Effects of the Invention The present invention provides an anti-arteriosclerotic agent containing a tea extract extracted from tea leaves using water or alcohol as an extraction solvent as an active ingredient, or a functional food to which a tea extract is added. The anti-arteriosclerosis agent or functional food of the present invention is not a single component or a specific fraction of tea extract, but includes a wide range of water-soluble components of the extract, and their mutual synergistic action prevents arteriosclerosis. Can be treated. Alcoholic extracts in particular have low caffeine and potassium contents and are useful in this respect as well.

[Brief explanation of drawings]

FIG. 1 shows changes in body weight during the experimental period of mice administered with an arteriosclerotic diet and the tea extract of the present invention and mice administered with a standard diet.

FIG. 2 shows changes in serum total cholesterol levels during the experimental period.

FIG. 3 shows the changes in lipid peroxide during the experimental period.

FIG. 4 shows the cholesterol content in the liver after the end of the experiment.

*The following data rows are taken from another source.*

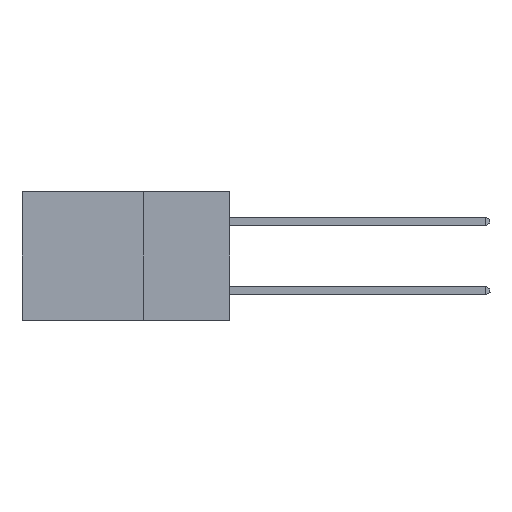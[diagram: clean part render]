
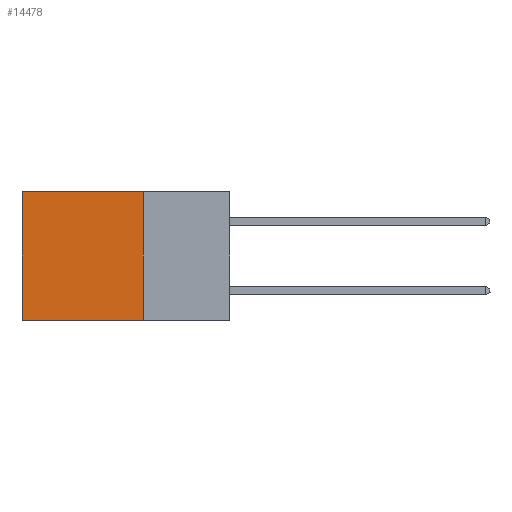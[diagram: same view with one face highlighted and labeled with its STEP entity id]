
A CAD part, left-side view. The second image highlights one B-rep face of the part: STEP entity #14478.
In plain terms, the highlighted planar face has unit normal (-1, 0, 0).
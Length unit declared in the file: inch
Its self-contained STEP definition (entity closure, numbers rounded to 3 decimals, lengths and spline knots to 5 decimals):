
#29 = CARTESIAN_POINT ( 'NONE',  ( 0.298, 0.25, -0.37 ) ) ;
#52 = DIRECTION ( 'NONE',  ( 1., 0., 0. ) ) ;
#547 = FACE_OUTER_BOUND ( 'NONE', #11892, .T. ) ;
#1457 = VERTEX_POINT ( 'NONE', #29 ) ;
#1831 = DIRECTION ( 'NONE',  ( 0., 0., -1. ) ) ;
#1986 = CARTESIAN_POINT ( 'NONE',  ( 0.298, 0.6, -0.37 ) ) ;
#2482 = VERTEX_POINT ( 'NONE', #12638 ) ;
#3782 = CARTESIAN_POINT ( 'NONE',  ( 0.298, 0.25, -0.37 ) ) ;
#5105 = ORIENTED_EDGE ( 'NONE', *, *, #6854, .T. ) ;
#6401 = ORIENTED_EDGE ( 'NONE', *, *, #9333, .F. ) ;
#6854 = EDGE_CURVE ( 'NONE', #2482, #19029, #9412, .T. ) ;
#8293 = AXIS2_PLACEMENT_3D ( 'NONE', #16696, #52, #15058 ) ;
#8682 = DIRECTION ( 'NONE',  ( 0., 1., 0. ) ) ;
#9333 = EDGE_CURVE ( 'NONE', #1457, #12870, #9608, .T. ) ;
#9412 = LINE ( 'NONE', #17430, #10728 ) ;
#9608 = LINE ( 'NONE', #3782, #12219 ) ;
#10007 = ORIENTED_EDGE ( 'NONE', *, *, #16808, .T. ) ;
#10728 = VECTOR ( 'NONE', #15942, 39.37008 ) ;
#11892 = EDGE_LOOP ( 'NONE', ( #10007, #6401, #15532, #5105 ) ) ;
#12219 = VECTOR ( 'NONE', #8682, 39.37008 ) ;
#12638 = CARTESIAN_POINT ( 'NONE',  ( 0.298, 0.25, 0. ) ) ;
#12870 = VERTEX_POINT ( 'NONE', #1986 ) ;
#14192 = EDGE_CURVE ( 'NONE', #2482, #1457, #16458, .T. ) ;
#14478 = ADVANCED_FACE ( 'NONE', ( #547 ), #19985, .F. ) ;
#15001 = CARTESIAN_POINT ( 'NONE',  ( 0.298, 0.6, 0. ) ) ;
#15058 = DIRECTION ( 'NONE',  ( 0., 0., -1. ) ) ;
#15532 = ORIENTED_EDGE ( 'NONE', *, *, #14192, .F. ) ;
#15942 = DIRECTION ( 'NONE',  ( 0., 1., 0. ) ) ;
#16458 = LINE ( 'NONE', #17558, #17795 ) ;
#16696 = CARTESIAN_POINT ( 'NONE',  ( 0.298, 0.25, 0. ) ) ;
#16808 = EDGE_CURVE ( 'NONE', #19029, #12870, #16899, .T. ) ;
#16899 = LINE ( 'NONE', #15001, #20308 ) ;
#17430 = CARTESIAN_POINT ( 'NONE',  ( 0.298, 0.25, 0. ) ) ;
#17485 = DIRECTION ( 'NONE',  ( 0., 0., -1. ) ) ;
#17558 = CARTESIAN_POINT ( 'NONE',  ( 0.298, 0.25, 0. ) ) ;
#17795 = VECTOR ( 'NONE', #17485, 39.37008 ) ;
#19029 = VERTEX_POINT ( 'NONE', #20954 ) ;
#19985 = PLANE ( 'NONE',  #8293 ) ;
#20308 = VECTOR ( 'NONE', #1831, 39.37008 ) ;
#20954 = CARTESIAN_POINT ( 'NONE',  ( 0.298, 0.6, 0. ) ) ;

FIG. 5 shows organ weights after the end of the experiment. * indicates control group (I
P < 0.05, ** P < 0.01, compared to Group I)
*** indicates P<0.001.

Claims (3)

[Claims] [Claim 1] An anti-arteriosclerotic agent whose active ingredient is a tea extract obtained by extracting tea leaves using water, alcohol, or a mixed solution thereof as an extraction solvent. 2. The anti-arteriosclerotic agent according to claim 1, wherein the tea extract is obtained by removing the solvent from an extract obtained by using water, alcohol, or a mixed solution thereof as an extraction solvent, and freeze-drying the extracted solution. [Claim 3] A functional food having an anti-arteriosclerosis effect, which contains a tea extract obtained by extracting tea leaves using water, alcohol, or a mixed solution thereof as an extraction solvent. [Claim 4]
4. The functional food having an anti-arteriosclerosis effect according to claim 3, wherein the tea extract is obtained by removing the solvent from the extract obtained by using water, alcohol, or a mixed solution thereof as an extraction solvent, and freeze-drying the extracted solution.